Output the run of lines that opens with the first line of the material below and closes with the line containing "msp = doc.modelspace()", both included, and drop the pictures.

Top of Information shown

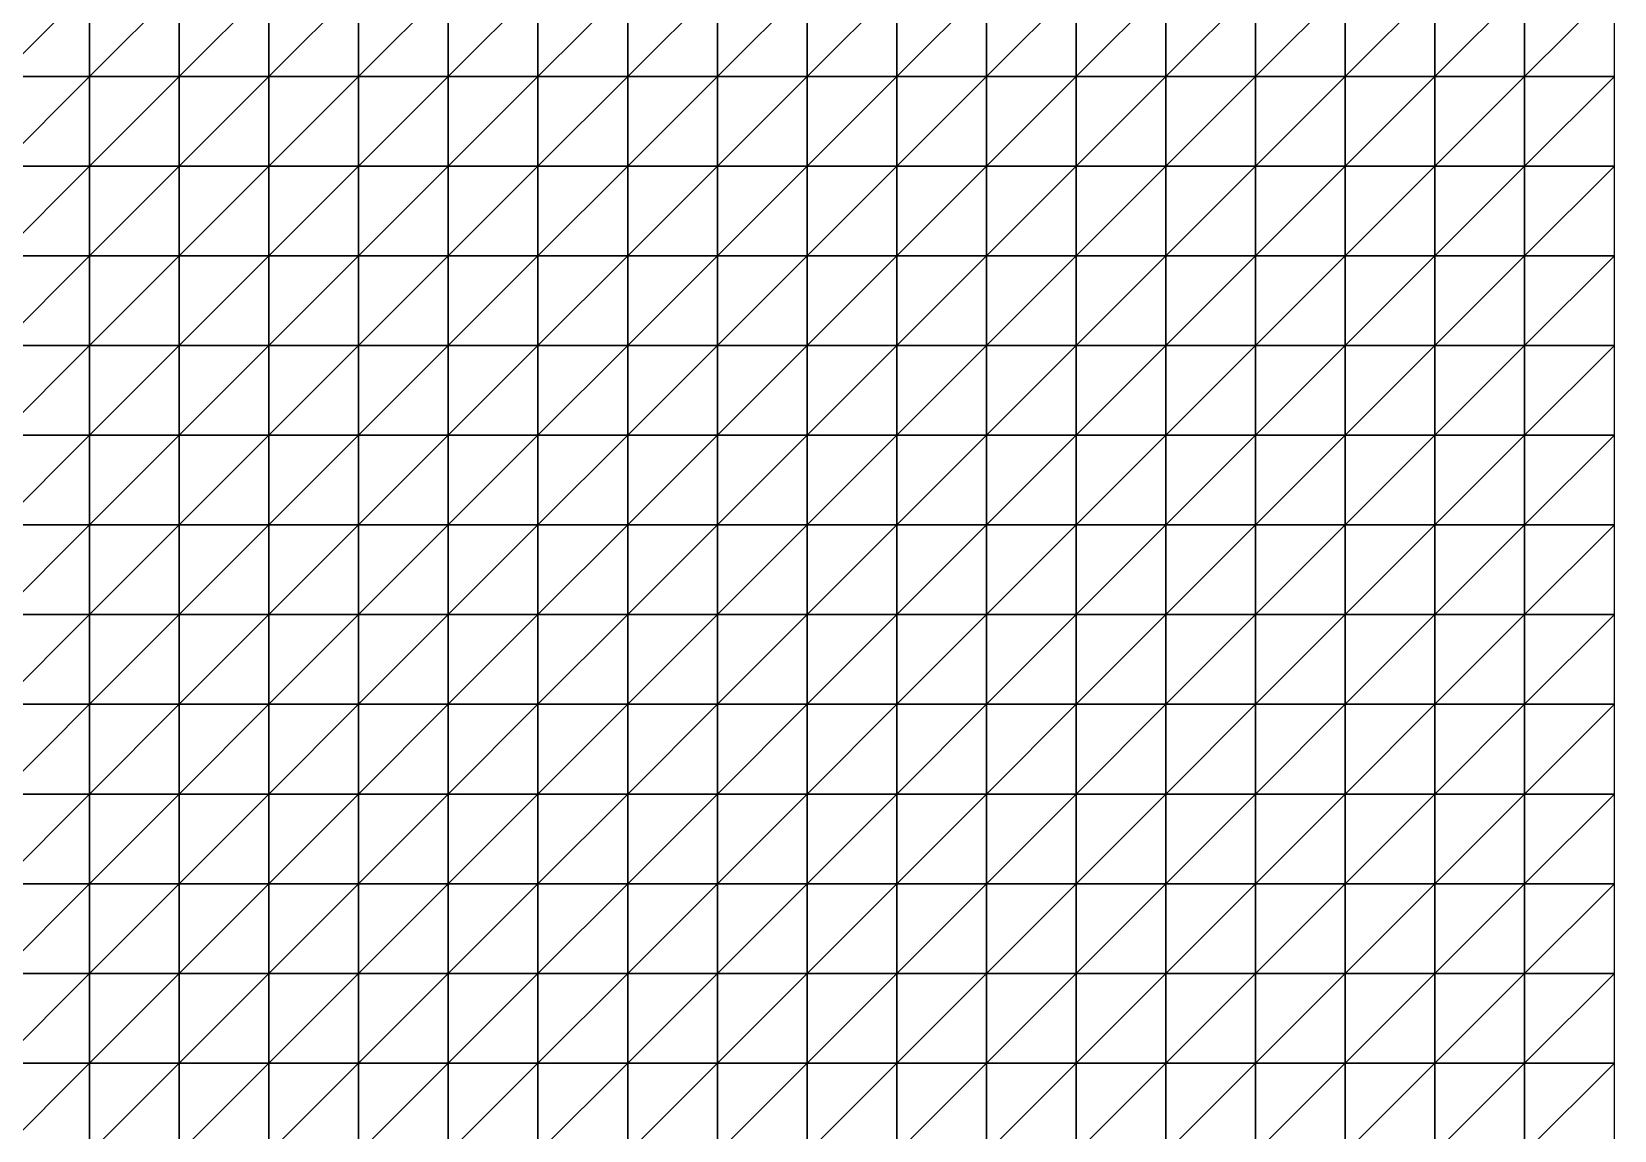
# Model space of a CAD drawing. Extents: x 504700 to 505400, y 9011750 to 9012250.
# Drawn here: x 505223.5 to 505400, y 9011872.5 to 9011995 of the extents above; entities that cross this region are included whole.
import ezdxf

# ---------------------------------------------------------------- set-up
doc = ezdxf.new("R2010")
doc.units = 0

msp = doc.modelspace()

# ---------------------------------------------------------------- linework, layer by layer
at = {"layer": 'PIT_FASE2'}
for points in [[(505220, 9011990, 260.29), (505230, 9011990, 270.28), (505230, 9012000, 270)], [(505220, 9011990, 260.29), (505230, 9012000, 270), (505220, 9012000, 260)], [(505230, 9011990, 270.28), (505240, 9011990, 280.26), (505240, 9012000, 280)], [(505230, 9011990, 270.28), (505240, 9012000, 280), (505230, 9012000, 270)], [(505240, 9011990, 280.26), (505250, 9011990, 290.25), (505250, 9012000, 290)], [(505240, 9011990, 280.26), (505250, 9012000, 290), (505240, 9012000, 280)], [(505250, 9011990, 290.25), (505260, 9011990, 300.24), (505260, 9012000, 300)], [(505250, 9011990, 290.25), (505260, 9012000, 300), (505250, 9012000, 290)], [(505260, 9011990, 300.24), (505270, 9011990, 310.23), (505270, 9012000, 310)], [(505260, 9011990, 300.24), (505270, 9012000, 310), (505260, 9012000, 300)], [(505270, 9011990, 310.23), (505280, 9011990, 320.22), (505280, 9012000, 320)], [(505270, 9011990, 310.23), (505280, 9012000, 320), (505270, 9012000, 310)], [(505280, 9011990, 320.22), (505290, 9011990, 330.21), (505290, 9012000, 330)], [(505280, 9011990, 320.22), (505290, 9012000, 330), (505280, 9012000, 320)], [(505290, 9011990, 330.21), (505300, 9011990, 340.2), (505300, 9012000, 340)], [(505290, 9011990, 330.21), (505300, 9012000, 340), (505290, 9012000, 330)], [(505300, 9011990, 340.2), (505310, 9011990, 346.8), (505310, 9012000, 346.62)], [(505300, 9011990, 340.2), (505310, 9012000, 346.62), (505300, 9012000, 340)], [(505310, 9011990, 346.8), (505320, 9011990, 347.02), (505320, 9012000, 346.84)], [(505310, 9011990, 346.8), (505320, 9012000, 346.84), (505310, 9012000, 346.62)], [(505320, 9011990, 347.02), (505330, 9011990, 347.13), (505330, 9012000, 346.95)], [(505320, 9011990, 347.02), (505330, 9012000, 346.95), (505320, 9012000, 346.84)], [(505330, 9011990, 347.13), (505340, 9011990, 347.09), (505340, 9012000, 346.92)], [(505330, 9011990, 347.13), (505340, 9012000, 346.92), (505330, 9012000, 346.95)], [(505340, 9011990, 347.09), (505350, 9011990, 346.96), (505350, 9012000, 346.79)], [(505340, 9011990, 347.09), (505350, 9012000, 346.79), (505340, 9012000, 346.92)], [(505350, 9011990, 346.96), (505360, 9011990, 346.72), (505360, 9012000, 346.54)], [(505350, 9011990, 346.96), (505360, 9012000, 346.54), (505350, 9012000, 346.79)], [(505360, 9011990, 346.72), (505370, 9011990, 346.4), (505370, 9012000, 346.22)], [(505360, 9011990, 346.72), (505370, 9012000, 346.22), (505360, 9012000, 346.54)], [(505370, 9011990, 346.4), (505380, 9011990, 346.01), (505380, 9012000, 345.84)], [(505370, 9011990, 346.4), (505380, 9012000, 345.84), (505370, 9012000, 346.22)], [(505380, 9011990, 346.01), (505390, 9011990, 345.6), (505390, 9012000, 345.43)], [(505380, 9011990, 346.01), (505390, 9012000, 345.43), (505380, 9012000, 345.84)], [(505390, 9011990, 345.6), (505400, 9011990, 345.18), (505400, 9012000, 345.01)], [(505390, 9011990, 345.6), (505400, 9012000, 345.01), (505390, 9012000, 345.43)], [(505220, 9011980, 261.17), (505230, 9011980, 271.11), (505230, 9011990, 270.28)], [(505220, 9011980, 261.17), (505230, 9011990, 270.28), (505220, 9011990, 260.29)], [(505230, 9011980, 271.11), (505240, 9011980, 281.05), (505240, 9011990, 280.26)], [(505230, 9011980, 271.11), (505240, 9011990, 280.26), (505230, 9011990, 270.28)], [(505240, 9011980, 281.05), (505250, 9011980, 291), (505250, 9011990, 290.25)], [(505240, 9011980, 281.05), (505250, 9011990, 290.25), (505240, 9011990, 280.26)], [(505250, 9011980, 291), (505260, 9011980, 300.95), (505260, 9011990, 300.24)], [(505250, 9011980, 291), (505260, 9011990, 300.24), (505250, 9011990, 290.25)], [(505260, 9011980, 300.95), (505270, 9011980, 310.91), (505270, 9011990, 310.23)], [(505260, 9011980, 300.95), (505270, 9011990, 310.23), (505260, 9011990, 300.24)], [(505270, 9011980, 310.91), (505280, 9011980, 320.87), (505280, 9011990, 320.22)], [(505270, 9011980, 310.91), (505280, 9011990, 320.22), (505270, 9011990, 310.23)], [(505280, 9011980, 320.87), (505290, 9011980, 330.83), (505290, 9011990, 330.21)], [(505280, 9011980, 320.87), (505290, 9011990, 330.21), (505280, 9011990, 320.22)], [(505290, 9011980, 330.83), (505300, 9011980, 340.8), (505300, 9011990, 340.2)], [(505290, 9011980, 330.83), (505300, 9011990, 340.2), (505290, 9011990, 330.21)], [(505300, 9011980, 340.8), (505310, 9011980, 346.95), (505310, 9011990, 346.8)], [(505300, 9011980, 340.8), (505310, 9011990, 346.8), (505300, 9011990, 340.2)], [(505310, 9011980, 346.95), (505320, 9011980, 347.17), (505320, 9011990, 347.02)], [(505310, 9011980, 346.95), (505320, 9011990, 347.02), (505310, 9011990, 346.8)], [(505320, 9011980, 347.17), (505330, 9011980, 347.29), (505330, 9011990, 347.13)], [(505320, 9011980, 347.17), (505330, 9011990, 347.13), (505320, 9011990, 347.02)], [(505330, 9011980, 347.29), (505340, 9011980, 347.25), (505340, 9011990, 347.09)], [(505330, 9011980, 347.29), (505340, 9011990, 347.09), (505330, 9011990, 347.13)], [(505340, 9011980, 347.25), (505350, 9011980, 347.12), (505350, 9011990, 346.96)], [(505340, 9011980, 347.25), (505350, 9011990, 346.96), (505340, 9011990, 347.09)], [(505350, 9011980, 347.12), (505360, 9011980, 346.88), (505360, 9011990, 346.72)], [(505350, 9011980, 347.12), (505360, 9011990, 346.72), (505350, 9011990, 346.96)], [(505360, 9011980, 346.88), (505370, 9011980, 346.56), (505370, 9011990, 346.4)], [(505360, 9011980, 346.88), (505370, 9011990, 346.4), (505360, 9011990, 346.72)], [(505370, 9011980, 346.56), (505380, 9011980, 346.18), (505380, 9011990, 346.01)], [(505370, 9011980, 346.56), (505380, 9011990, 346.01), (505370, 9011990, 346.4)], [(505380, 9011980, 346.18), (505390, 9011980, 345.76), (505390, 9011990, 345.6)], [(505380, 9011980, 346.18), (505390, 9011990, 345.6), (505380, 9011990, 346.01)], [(505390, 9011980, 345.76), (505400, 9011980, 345.34), (505400, 9011990, 345.18)], [(505390, 9011980, 345.76), (505400, 9011990, 345.18), (505390, 9011990, 345.6)], [(505220, 9011970, 262.63), (505230, 9011970, 272.48), (505230, 9011980, 271.11)], [(505220, 9011970, 262.63), (505230, 9011980, 271.11), (505220, 9011980, 261.17)], [(505230, 9011970, 272.48), (505240, 9011970, 282.35), (505240, 9011980, 281.05)], [(505230, 9011970, 272.48), (505240, 9011980, 281.05), (505230, 9011980, 271.11)], [(505240, 9011970, 282.35), (505250, 9011970, 292.24), (505250, 9011980, 291)], [(505240, 9011970, 282.35), (505250, 9011980, 291), (505240, 9011980, 281.05)], [(505250, 9011970, 292.24), (505260, 9011970, 302.13), (505260, 9011980, 300.95)], [(505250, 9011970, 292.24), (505260, 9011980, 300.95), (505250, 9011980, 291)], [(505260, 9011970, 302.13), (505270, 9011970, 312.04), (505270, 9011980, 310.91)], [(505260, 9011970, 302.13), (505270, 9011980, 310.91), (505260, 9011980, 300.95)], [(505270, 9011970, 312.04), (505280, 9011970, 321.95), (505280, 9011980, 320.87)], [(505270, 9011970, 312.04), (505280, 9011980, 320.87), (505270, 9011980, 310.91)], [(505280, 9011970, 321.95), (505290, 9011970, 331.87), (505290, 9011980, 330.83)], [(505280, 9011970, 321.95), (505290, 9011980, 330.83), (505280, 9011980, 320.87)], [(505290, 9011970, 331.87), (505300, 9011970, 341.79), (505300, 9011980, 340.8)], [(505290, 9011970, 331.87), (505300, 9011980, 340.8), (505290, 9011980, 330.83)], [(505300, 9011970, 341.79), (505310, 9011970, 347.09), (505310, 9011980, 346.95)], [(505300, 9011970, 341.79), (505310, 9011980, 346.95), (505300, 9011980, 340.8)], [(505310, 9011970, 347.09), (505320, 9011970, 347.32), (505320, 9011980, 347.17)], [(505310, 9011970, 347.09), (505320, 9011980, 347.17), (505310, 9011980, 346.95)], [(505320, 9011970, 347.32), (505330, 9011970, 347.43), (505330, 9011980, 347.29)], [(505320, 9011970, 347.32), (505330, 9011980, 347.29), (505320, 9011980, 347.17)], [(505330, 9011970, 347.43), (505340, 9011970, 347.4), (505340, 9011980, 347.25)], [(505330, 9011970, 347.43), (505340, 9011980, 347.25), (505330, 9011980, 347.29)], [(505340, 9011970, 347.4), (505350, 9011970, 347.27), (505350, 9011980, 347.12)], [(505340, 9011970, 347.4), (505350, 9011980, 347.12), (505340, 9011980, 347.25)], [(505350, 9011970, 347.27), (505360, 9011970, 347.02), (505360, 9011980, 346.88)], [(505350, 9011970, 347.27), (505360, 9011980, 346.88), (505350, 9011980, 347.12)], [(505360, 9011970, 347.02), (505370, 9011970, 346.71), (505370, 9011980, 346.56)], [(505360, 9011970, 347.02), (505370, 9011980, 346.56), (505360, 9011980, 346.88)], [(505370, 9011970, 346.71), (505380, 9011970, 346.33), (505380, 9011980, 346.18)], [(505370, 9011970, 346.71), (505380, 9011980, 346.18), (505370, 9011980, 346.56)], [(505380, 9011970, 346.33), (505390, 9011970, 345.92), (505390, 9011980, 345.76)], [(505380, 9011970, 346.33), (505390, 9011980, 345.76), (505380, 9011980, 346.18)], [(505390, 9011970, 345.92), (505400, 9011970, 345.5), (505400, 9011980, 345.34)], [(505390, 9011970, 345.92), (505400, 9011980, 345.34), (505390, 9011980, 345.76)], [(505220, 9011960, 264.64), (505230, 9011960, 274.39), (505230, 9011970, 272.48)], [(505220, 9011960, 264.64), (505230, 9011970, 272.48), (505220, 9011970, 262.63)], [(505230, 9011960, 274.39), (505240, 9011960, 284.17), (505240, 9011970, 282.35)], [(505230, 9011960, 274.39), (505240, 9011970, 282.35), (505230, 9011970, 272.48)], [(505240, 9011960, 284.17), (505250, 9011960, 293.96), (505250, 9011970, 292.24)], [(505240, 9011960, 284.17), (505250, 9011970, 292.24), (505240, 9011970, 282.35)], [(505250, 9011960, 293.96), (505260, 9011960, 303.78), (505260, 9011970, 302.13)], [(505250, 9011960, 293.96), (505260, 9011970, 302.13), (505250, 9011970, 292.24)], [(505260, 9011960, 303.78), (505270, 9011960, 313.61), (505270, 9011970, 312.04)], [(505260, 9011960, 303.78), (505270, 9011970, 312.04), (505260, 9011970, 302.13)], [(505270, 9011960, 313.61), (505280, 9011960, 323.45), (505280, 9011970, 321.95)], [(505270, 9011960, 313.61), (505280, 9011970, 321.95), (505270, 9011970, 312.04)], [(505280, 9011960, 323.45), (505290, 9011960, 333.31), (505290, 9011970, 331.87)], [(505280, 9011960, 323.45), (505290, 9011970, 331.87), (505280, 9011970, 321.95)], [(505290, 9011960, 333.31), (505300, 9011960, 343.18), (505300, 9011970, 341.79)], [(505290, 9011960, 333.31), (505300, 9011970, 341.79), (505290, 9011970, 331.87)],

Bottom of Information shown

Answer box:
# Model space of a CAD drawing. Extents: x 504700 to 505400, y 9011750 to 9012250.
# Drawn here: x 505223.5 to 505400, y 9011872.5 to 9011995 of the extents above; entities that cross this region are included whole.
import ezdxf

# ---------------------------------------------------------------- set-up
doc = ezdxf.new("R2010")
doc.units = 0

msp = doc.modelspace()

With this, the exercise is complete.